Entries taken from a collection
○ ○ ○ ○

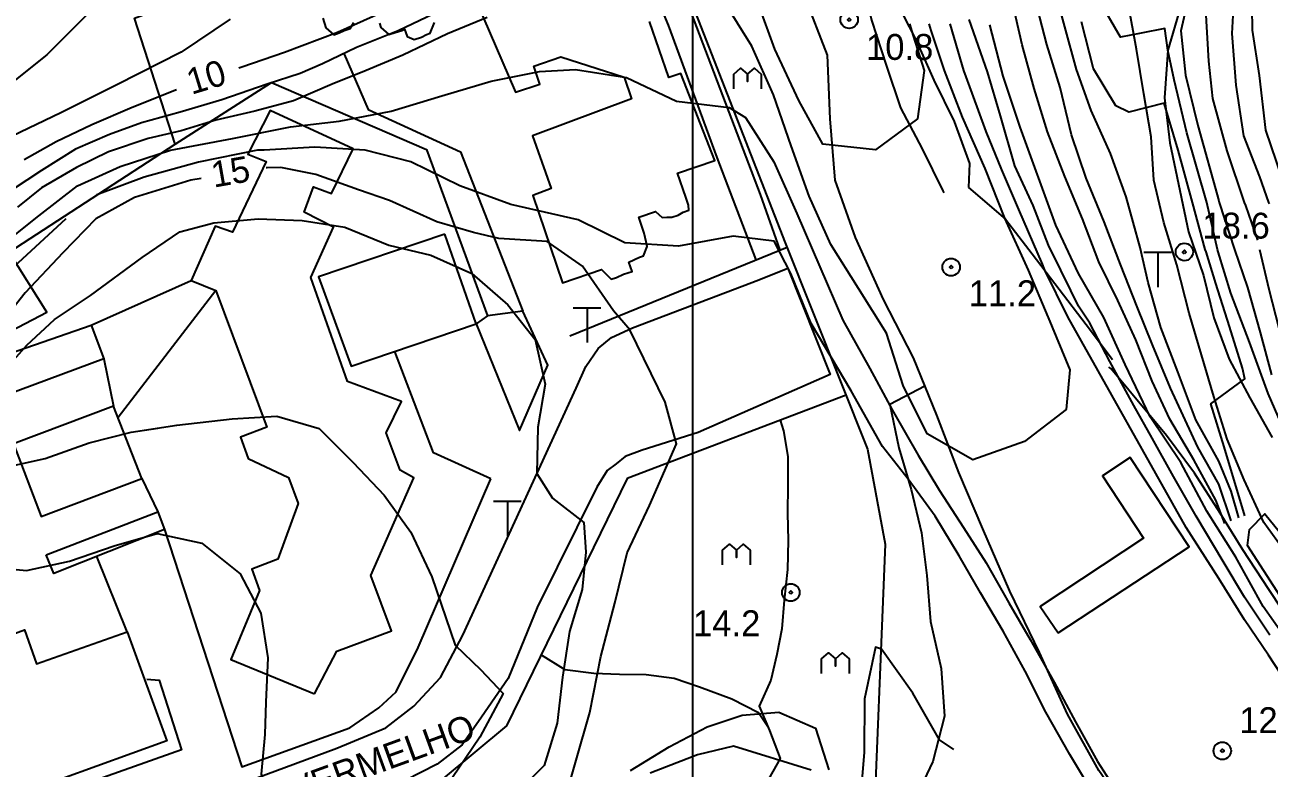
# Model space of a CAD drawing. Extents: x 555347 to 556479, y 8560498 to 8561653.
# Drawn here: x 556122.6 to 556266.9, y 8561298 to 8561384.2 of the extents above; entities that cross this region are included whole.
import ezdxf

# ---------------------------------------------------------------- set-up
doc = ezdxf.new("R2010")
doc.units = 0
doc.header["$MEASUREMENT"] = 0
for name, color, linetype in [('10', 24, 'CONTINUOUS'), ('12', 3, 'CONTINUOUS'), ('13', 3, 'CONTINUOUS'), ('14', 3, 'CONTINUOUS'), ('20', 4, 'CONTINUOUS'), ('30', 2, 'CONTINUOUS'), ('31', 255, 'CONTINUOUS'), ('38', 255, 'CONTINUOUS'), ('4', 255, 'CONTINUOUS'), ('44', 255, 'CONTINUOUS'), ('5', 1, 'CONTINUOUS'), ('50', 255, 'CONTINUOUS'), ('6', 2, 'CONTINUOUS'), ('7', 42, 'CONTINUOUS')]:
    doc.layers.add(name, color=color, linetype=linetype)

# ---------------------------------------------------------------- blocks, each defined once
blk = doc.blocks.new('COD007', base_point=(556370.32, 8561240.38))
at = {"layer": '4'}
for points in [[(556370.316, 8561241.3956), (556370.5168, 8561241.3792), (556370.7156, 8561241.318), (556370.9212, 8561241.2012), (556371.1236, 8561241.0072), (556371.2452, 8561240.7848), (556371.3152, 8561240.5864), (556371.3332, 8561240.3828), (556371.314, 8561240.188), (556371.2436, 8561239.9836), (556371.1232, 8561239.7764), (556370.9232, 8561239.5776), (556370.718, 8561239.4492), (556370.5176, 8561239.396), (556370.3128, 8561239.3792), (556370.108, 8561239.3984), (556369.9132, 8561239.4596), (556369.7048, 8561239.5812), (556369.5112, 8561239.7812), (556369.3808, 8561239.9844), (556369.3248, 8561240.184), (556369.3128, 8561240.386), (556369.3268, 8561240.5876), (556369.38, 8561240.79), (556369.5116, 8561240.9964), (556369.7064, 8561241.1968), (556369.9148, 8561241.3292), (556370.1204, 8561241.3896)], [(556370.32, 8561240.18), (556370.12, 8561240.38), (556370.32, 8561240.58), (556370.52, 8561240.38)]]:
    blk.add_lwpolyline(points, close=True, dxfattribs=at)
blk = doc.blocks.new('COD140', base_point=(555924.61, 8561329.59))
at = {"layer": '30'}
blk.add_lwpolyline([(555923.01, 8561327.89), (555923.01, 8561329.59), (555923.81, 8561330.298333), (555924.607333, 8561329.587167), (555924.61, 8561328.74), (555924.607333, 8561329.587167), (555925.41, 8561330.298333), (555926.207333, 8561329.587167), (555926.21, 8561327.89)], dxfattribs=at)
blk = doc.blocks.new('COD013', base_point=(555984.05, 8561208.14))
at = {"layer": '50'}
for p, q in [((555985.645993, 8561212.14), (555982.445993, 8561212.14)), ((555984.0524, 8561212.1364), (555984.0524, 8561208.1444))]:
    blk.add_line(p, q, dxfattribs=at)

msp = doc.modelspace()

# ---------------------------------------------------------------- linework, layer by layer
at = {"layer": '10'}
for points in [[(556182.98, 8561430.2, 12.87), (556210.77, 8561358.93, 16.19), (556220.31, 8561335.01, 17.22), (556222.37, 8561323.98, 17.25), (556220.84, 8561286.95, 16.62)], [(556108.29, 8561341.25, 18.07), (556106.61, 8561345.92, 17.21), (556113.61, 8561349.26, 17.26), (556115.92, 8561346.09, 17.43), (556125.12, 8561350.86, 16.95), (556120.77, 8561357.85, 16.11), (556140.03, 8561370.34, 16.35), (556135.29, 8561384.95, 16), (556149.88, 8561390.44, 16.45)], [(556140.03, 8561370.34, 16.35), (556151.2, 8561377.51, 16.71), (556169.15, 8561369.73, 16.9), (556176.22, 8561350.44, 17.49), (556174.91, 8561349.51, 21.56), (556179.95, 8561337.15, 17.69), (556183.25, 8561344.75, 17.32), (556180.34, 8561351.01, 17.07), (556176.22, 8561350.44, 17.49)], [(556185.78, 8561348.14, 17.25), (556210.98, 8561358.4, 16.69)], [(556130.28, 8561349.36, 20.74), (556141.86, 8561354.57, 49.41)], [(556144.72, 8561353.41, 48.27), (556133.4, 8561338.65, 20.23)], [(556176.63, 8561331.57, 17.58), (556169.96, 8561334.56, 17.45), (556165.49, 8561346.32, 20.22)], [(556131.73, 8561345.48, 20.2), (556132.88, 8561339.97, 20.74)], [(556217.82, 8561341.24, 16.24), (556192.45, 8561331.6, 15.73), (556178.45, 8561302.93, 17), (556166.96, 8561293.37, 20.23)], [(556136.14, 8561331.61, 20.38), (556138.02, 8561327.73, 20.67)], [(556138.79, 8561325.69, 20.82), (556147.76, 8561298.15, 19.04), (556160.26, 8561302.67, 18.64), (556163.62, 8561304.99, 18.64), (556165.66, 8561306.87, 18.64), (556168.2, 8561311.99, 18.45), (556176.63, 8561331.57, 17.58)], [(556134.47, 8561313.81, 49.47), (556130.92, 8561322.55, 20.57)]]:
    msp.add_polyline3d(points, dxfattribs=at)
at = {"layer": '12'}
msp.add_polyline3d([(556145.75, 8561295.48, 17.73), (556158.77, 8561300.33, 17.73), (556164.43, 8561302.7, 17.7), (556167.7, 8561305.21, 17.7), (556170.79, 8561308.53, 17.46), (556173.38, 8561313.42, 17.05), (556186.52, 8561342.06, 15.46), (556187.64, 8561344.57, 15.19), (556189.06, 8561346.67, 15.19), (556190.63, 8561347.94, 15.19), (556193.07, 8561349.05, 15.18), (556207.69, 8561354.62, 15.15), (556211.05, 8561355.97, 15.17), (556215.96, 8561343.67, 14.99), (556200.65, 8561336.94, 15.14), (556194.18, 8561334.88, 15.57), (556192.21, 8561334.14, 15.57), (556191.14, 8561333.31, 15.57), (556190.1, 8561332.52, 15.57), (556188.91, 8561330.59, 15.57), (556182.01, 8561316.62, 16.15), (556178.63, 8561308.39, 16.9), (556175.53, 8561303.93, 17.54), (556173.31, 8561300.7, 17.65), (556170.4, 8561298.47, 17.65), (556164.78, 8561295.62, 17.83)], dxfattribs=at)
at = {"layer": '13'}
for points in [[(556210.19, 8561358.07, 16.69), (556207.88, 8561364.52, 10.3), (556195.82, 8561396.26, 10.35), (556184.46, 8561425.69, 8.38), (556172.52, 8561420.27, 8.51), (556168.21, 8561405.31, 8.41), (556166.68, 8561400.78, 8.41), (556181.51, 8561405.5, 11.7), (556178.34, 8561414.66, 11.7), (556179.11, 8561416.39, 11.7)], [(556207.41, 8561356.94, 15.13), (556202.89, 8561368.8, 14.39), (556197.24, 8561384.17, 12.68), (556188.46, 8561405.12, 11.26), (556183.02, 8561418.81, 8.75), (556181.85, 8561420.58, 8.61), (556179.77, 8561417.34, 8.61), (556179.11, 8561416.39, 11.7)]]:
    msp.add_polyline3d(points, dxfattribs=at)
at = {"layer": '14'}
for points in [[(556223.53, 8561387.16), (556225.95, 8561382.36), (556228, 8561377.79), (556230.34, 8561373), (556232.14, 8561368.1), (556232.03, 8561365.35)], [(556269.28, 8561322.32), (556266.28, 8561326.48), (556263.99, 8561331.44), (556262.03, 8561336.15), (556260.46, 8561341.09), (556259.02, 8561345.94), (556257.61, 8561350.75), (556256.16, 8561356.36), (556254.66, 8561361.29), (556253.51, 8561366.18), (556253.21, 8561371.2), (556252.36, 8561376.19), (556251.5, 8561381.36), (556250.55, 8561386.65)]]:
    msp.add_lwpolyline(points, dxfattribs=at)
for points in [[(556187.5, 8561436.7, 7.18), (556190.24, 8561432.47, 8.02), (556193.18, 8561428.39, 8.79), (556196.23, 8561424.33, 9.1), (556199.29, 8561420.34, 9.32), (556202.34, 8561416.28, 9.49), (556205.63, 8561412.15, 9.97), (556210.03, 8561409.06, 10.04), (556215.74, 8561400.63, 10.27), (556217.11, 8561395.54, 10.45), (556219.48, 8561390.39, 10.54), (556220.77, 8561384.73, 10.79), (556222.51, 8561379.41, 10.89), (556224.13, 8561374.57, 11.08), (556226.63, 8561369.83, 11.18), (556229.03, 8561364.96, 11.34), (556229.15, 8561364.73, 11.47)], [(556256.58, 8561386.14, 20.45), (556255.14, 8561381.24, 20), (556254.74, 8561375.73, 19.63), (556255.38, 8561370.52, 18.85), (556257.53, 8561360.2, 18.52), (556259.26, 8561355.13, 18.52), (556260.48, 8561350.23, 18.74), (556262.25, 8561345.44, 19.03), (556264.64, 8561340.93, 19.24), (556267.22, 8561336.33, 19.42)], [(556226.97, 8561342.31, 11.58), (556222.89, 8561340.16, 13.14), (556223.95, 8561335.14, 13.89), (556225.36, 8561330.33, 14.37), (556226.56, 8561325.3, 14.4), (556227.2, 8561320.33, 14.4), (556227.61, 8561315.01, 14.43), (556228.86, 8561309.57, 14.48), (556229.24, 8561304.03, 14.55), (556227.87, 8561298.8, 14.82), (556222.34, 8561287.11, 16.62)], [(556210.19, 8561338.34, 15.13), (556210.56, 8561337.11, 14.62), (556211.07, 8561334.14, 14.53), (556211.06, 8561330.84, 14.5), (556211.03, 8561327.58, 14.5), (556211.11, 8561324.42, 14.5), (556211.03, 8561321.06, 14.5), (556210.66, 8561317.48, 14.5), (556210.37, 8561314.15, 14.5), (556209.79, 8561311.18, 14.5), (556209.08, 8561308.23, 14.5), (556207.74, 8561305.18, 14.3), (556208.95, 8561302.37, 12.76), (556210.17, 8561299.12, 12.19), (556207.27, 8561293.98, 8.99), (556204.77, 8561292.13, 9), (556202.37, 8561290.29, 8.37), (556200.01, 8561288.42, 7.99), (556199.71, 8561285.09, 6.5), (556198.71, 8561282.1, 6.5), (556197.67, 8561279.15, 5.46), (556197.54, 8561277.92, 5.3)], [(556182.45, 8561311.13, 16.05), (556185.21, 8561309.44, 15.56), (556188.56, 8561309.03, 14.91), (556191.56, 8561308.92, 14.55), (556194.64, 8561308.88, 14.39), (556197.88, 8561308.45, 14.25), (556200.83, 8561307.42, 14.16), (556204.56, 8561306.03, 14.1), (556207.65, 8561304.47, 14.02), (556208.74, 8561302.85, 13.63)]]:
    msp.add_polyline3d(points, dxfattribs=at)
at = {"layer": '20'}
for points in [[(556159.6, 8561380.78, 15.3), (556162.41, 8561374.38, 15.86), (556173.1, 8561369.46, 15.7), (556180.34, 8561351.01, 17.07)], [(556136.72, 8561308.32, 19.27), (556138.18, 8561308.23, 19.23), (556140.74, 8561300.12, 18.92), (556116.39, 8561291.53, 18.78), (556116.31, 8561292.8, 18.78)], [(556136.72, 8561308.32, 19.27), (556138.18, 8561308.23, 19.23), (556140.74, 8561300.12, 18.92), (556116.39, 8561291.53, 18.78), (556116.31, 8561292.8, 18.78)]]:
    msp.add_polyline3d(points, dxfattribs=at)
at = {"layer": '30'}
for points in [[(556266.02, 8561270.71, 12.48), (556260.77, 8561278.72, 12.57), (556256.04, 8561285.05, 12.6), (556251.35, 8561291.65, 12.67), (556247.14, 8561297.73, 12.72), (556243.51, 8561304.27, 12.72), (556240.26, 8561311.41, 12.58), (556236.82, 8561318.53, 12.37), (556233.69, 8561325.76, 11.94), (556230.89, 8561332.29, 11.7), (556228.33, 8561338.94, 11.57), (556225.65, 8561345.57, 11.47), (556222.17, 8561352.34, 11.23), (556218.92, 8561359.55, 11.17), (556216.57, 8561366.17, 11.02), (556215.97, 8561373.31, 10.87), (556215.65, 8561380.67, 10.72), (556213.01, 8561387.58, 10.52), (556208.45, 8561393.52, 10.14), (556205.36, 8561400.03, 9.97), (556205.77, 8561407.18, 9.83), (556207.05, 8561411.15, 9.95)], [(556232.03, 8561365.35, 12.24), (556236.31, 8561361.67, 12.23), (556239.4, 8561357.64, 12.23), (556245.67, 8561349.46, 12.23), (556248.73, 8561345.4, 12.23)]]:
    msp.add_polyline3d(points, dxfattribs=at)
at = {"layer": '31'}
msp.add_polyline3d([(556291.3, 8561284.2, 20.89), (556288.29, 8561288.62, 20.89), (556285.5, 8561293, 20.95), (556282.5, 8561297.16, 20.93), (556279.3, 8561301.49, 20.85), (556276.32, 8561305.79, 19.97), (556273.14, 8561309.94, 19.79), (556269.8, 8561314.29, 19.45), (556266.84, 8561318.73, 18.57), (556263.82, 8561323.33, 17.68), (556261.19, 8561327.58, 17.54), (556258.21, 8561332.21, 16.97), (556254.99, 8561336.58, 16.23), (556248.52, 8561344.35, 12.3), (556248.28, 8561344.49, 11.79)], dxfattribs=at)
at = {"layer": '44'}
msp.add_lwpolyline([(556200, 8561650.18), (556200, 8560498.19)], dxfattribs=at)
at = {"layer": '5'}
for points in [[(556269.34, 8561335.5, 20), (556266.75, 8561341.44, 20), (556264.6, 8561347.39, 20), (556262.44, 8561353.09, 20), (556260.97, 8561357.86, 20), (556260.88, 8561358.16, 20), (556259.64, 8561363.6, 20), (556257.35, 8561371.66, 20), (556255.87, 8561377.83, 20), (556255.13, 8561381.25, 20), (556254.79, 8561383.78, 20), (556252.03, 8561383.22, 20), (556249.65, 8561382.77, 20), (556247.13, 8561387.15, 20)], [(556164.88, 8561386.02, 10), (556158.86, 8561383.29, 10), (556152.71, 8561380.98, 10), (556147.76, 8561379.28, 10), (556147.41, 8561379.16, 10)], [(556269.79, 8561311.64, 15), (556266.19, 8561316.76, 15), (556263, 8561322.46, 15), (556259.65, 8561327.81, 15), (556256.66, 8561333.44, 15), (556253.09, 8561338.75, 15), (556250.2, 8561344.83, 15), (556247.73, 8561350.26, 15), (556244.77, 8561355.37, 15), (556242.14, 8561360.96, 15), (556238.02, 8561372.31, 15), (556236.02, 8561378.25, 15), (556234.51, 8561384.19, 15)], [(556140.19, 8561376.66, 10), (556135.02, 8561374.61, 10), (556130.36, 8561372.61, 10), (556126.2, 8561370.62, 10), (556122.5, 8561368.55, 10)], [(556184.85, 8561293.13, 15), (556188.11, 8561304.47, 15), (556189.4, 8561310.97, 15), (556191, 8561317.15, 15), (556192.42, 8561322.98, 15), (556195.04, 8561328.48, 15), (556198.14, 8561335.61, 15), (556196.83, 8561340.44, 15), (556192.76, 8561348.84, 15), (556190.84, 8561351.05, 15), (556187.25, 8561356.22, 15), (556183.14, 8561359.06, 15), (556177.54, 8561359.42, 15), (556174.63, 8561360.12, 15), (556170.37, 8561361.36, 15), (556164.86, 8561363.83, 15), (556161.26, 8561365.07, 15), (556156.32, 8561366.86, 15), (556152.28, 8561367.65, 15), (556150.68, 8561367.6, 15), (556150.59, 8561367.6, 15)], [(556143.04, 8561366.36, 15), (556141.83, 8561366.19, 15), (556135.31, 8561364.17, 15), (556130.82, 8561361.69, 15), (556127, 8561357.76, 15), (556122.61, 8561353.13, 15), (556118.87, 8561348.42, 15)], [(556271.19, 8561313.28, 20), (556264.36, 8561323.82, 20), (556264.59, 8561325.69, 20), (556266.4, 8561327.49, 20), (556268.55, 8561324.82, 20)], [(556230.32, 8561300.16, 15), (556228.65, 8561301.3, 15), (556225.57, 8561306.72, 15), (556221.93, 8561311.79, 15), (556221.24, 8561312.03, 15), (556219.95, 8561306.03, 15), (556219.93, 8561299.86, 15), (556219.36, 8561293.34, 15), (556218.77, 8561286.9, 15), (556219.46, 8561283.22, 15), (556222.15, 8561281.3, 15), (556228.2, 8561276.87, 15), (556233.74, 8561273.2, 15), (556239.02, 8561269.96, 15), (556243.62, 8561266.19, 15), (556249.24, 8561267.77, 15), (556255.06, 8561270.04, 15), (556258.45, 8561271.7, 15)]]:
    msp.add_polyline3d(points, dxfattribs=at)
at = {"layer": '6'}
for points in [[(556263.35, 8561327.02, 18), (556262.47, 8561330.14, 18), (556261.03, 8561333.59, 18), (556258.39, 8561338.38, 18), (556256.31, 8561343.98, 18), (556254.31, 8561349.1, 18), (556252.87, 8561354.3, 18), (556251.91, 8561358.38, 18), (556250.29, 8561364.26, 18), (556248.48, 8561369.27, 18), (556246.23, 8561374.26, 18), (556244.56, 8561379, 18), (556243.17, 8561383.95, 18), (556241.88, 8561388.85, 18)], [(556257.67, 8561388.06, 21), (556256.63, 8561383.51, 21), (556257.17, 8561378.35, 21), (556258.63, 8561372.54, 21), (556261.06, 8561363.78, 21), (556261.08, 8561363.6, 21), (556262.88, 8561358.16, 21), (556264.39, 8561353.74, 21), (556265.86, 8561348.52, 21), (556267.16, 8561343.62, 21)], [(556268.34, 8561366.52, 24), (556266.48, 8561372, 24), (556265.75, 8561378.3, 24), (556264.95, 8561383.58, 24), (556264.87, 8561388.86, 24)], [(556227.4, 8561384.32, 12), (556227.64, 8561383.55, 12), (556229.2, 8561378.88, 12), (556231.28, 8561373.47, 12), (556233.91, 8561367.54, 12), (556236.21, 8561361.78, 12), (556238.92, 8561355.76, 12), (556241.2, 8561350.32, 12), (556241.26, 8561350.26, 12), (556243.78, 8561344.18, 12), (556243.36, 8561339.6, 12), (556238.53, 8561335.9, 12), (556232.51, 8561333.75, 12), (556227.21, 8561336.77, 12), (556224.43, 8561342.37, 12), (556222.5, 8561348.43, 12), (556219.28, 8561353.62, 12), (556216.07, 8561358.71, 12), (556213.55, 8561364.31, 12), (556211.45, 8561370.18, 12), (556209.39, 8561376.08, 12), (556206.91, 8561381.71, 12), (556203.56, 8561387.06, 12)], [(556225.16, 8561384.32, 11), (556225.6, 8561382.92, 11), (556226.88, 8561378.88, 11), (556226.1, 8561373.31, 11), (556221.25, 8561369.72, 11), (556215.13, 8561370.34, 11), (556212.35, 8561375.44, 11), (556209.56, 8561381.36, 11), (556207.58, 8561386.79, 11)], [(556261.75, 8561326.38, 16), (556260.69, 8561329.08, 16), (556258.15, 8561333.74, 16), (556255.35, 8561338.46, 16), (556253.33, 8561342.89, 16), (556251.43, 8561347.66, 16), (556249.35, 8561352.22, 16), (556247.15, 8561356.71, 16), (556245.22, 8561361.7, 16), (556243.18, 8561366.59, 16), (556241.17, 8561371.77, 16), (556239.65, 8561376.81, 16), (556238.23, 8561381.87, 16), (556237.07, 8561386.93, 16)], [(556262.47, 8561326.7, 17), (556261.03, 8561330.94, 17), (556258.63, 8561335.23, 17), (556255.43, 8561342.06, 17), (556253.35, 8561347.1, 17), (556251.59, 8561351.5, 17), (556249.66, 8561356.42, 17), (556247.76, 8561361.36, 17), (556245.66, 8561366.41, 17), (556243.96, 8561371.44, 17), (556242.63, 8561376.94, 17), (556241.11, 8561381.9, 17), (556239.75, 8561387.18, 17)], [(556262.79, 8561387.42, 23), (556262.55, 8561383.18, 23), (556263.03, 8561377.18, 23), (556263.91, 8561371.34, 23), (556265.75, 8561366.57, 23), (556266.8, 8561363.6, 23), (556266.88, 8561363.45, 23)], [(556170.81, 8561385.85, 11), (556165.87, 8561383.49, 11), (556161.04, 8561381.58, 11), (556157.11, 8561379.67, 11), (556154.52, 8561378.55, 11), (556150.7, 8561377.31, 11), (556145.42, 8561375.51, 11), (556140.59, 8561374.05, 11), (556136.1, 8561372.82, 11), (556132.39, 8561371.47, 11), (556128.46, 8561369.78, 11), (556124.52, 8561367.31, 11), (556119.36, 8561363.94, 11)], [(556130.28, 8561385.86, 8), (556125.15, 8561380.73, 8), (556121.1, 8561377.49, 8)], [(556146.4, 8561384.84, 9), (556140.7, 8561381.04, 9), (556133.25, 8561377.22, 9), (556126.77, 8561373.98, 9), (556121.1, 8561371.28, 9)], [(556176.21, 8561385.06, 12), (556171.6, 8561383.15, 12), (556166.43, 8561380.68, 12), (556162.16, 8561378.88, 12), (556158.23, 8561377.31, 12), (556153.74, 8561375.4, 12), (556149.24, 8561374.17, 12), (556144.75, 8561373.15, 12), (556140.7, 8561371.92, 12), (556136.88, 8561371.02, 12), (556132.28, 8561369.45, 12), (556128.57, 8561367.65, 12), (556124.52, 8561365.29, 12), (556121.72, 8561363.04, 12)], [(556266.98, 8561313.41, 14), (556264.02, 8561317.85, 14), (556261.55, 8561321.96, 14), (556258.43, 8561327.23, 14), (556255.79, 8561331.83, 14), (556253.33, 8561336.28, 14), (556251.19, 8561340.06, 14), (556248.39, 8561345.16, 14), (556246.09, 8561349.61, 14), (556244.79, 8561351.59, 14), (556243.88, 8561353.4, 14), (556242.72, 8561355.76, 14), (556241.31, 8561358.66, 14), (556239.5, 8561363.26, 14), (556237.39, 8561367.85, 14), (556235.72, 8561373.63, 14), (556234.24, 8561378.73, 14), (556232.1, 8561384.82, 14)], [(556259.51, 8561385.98, 22), (556259.83, 8561379.98, 22), (556260.31, 8561375.66, 22), (556261.99, 8561369.58, 22), (556264, 8561363.6, 22), (556264.14, 8561363.25, 22), (556265.52, 8561359.22, 22)], [(556269.96, 8561306.28, 13), (556266.82, 8561311.1, 13), (556264.02, 8561315.22, 13), (556261.06, 8561319.99, 13), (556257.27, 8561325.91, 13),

○ ○ ○ ○

TASK ITEM>
Work out, please, how many lines above contain "linetype"; answer only with the number.

RESPONSE>
2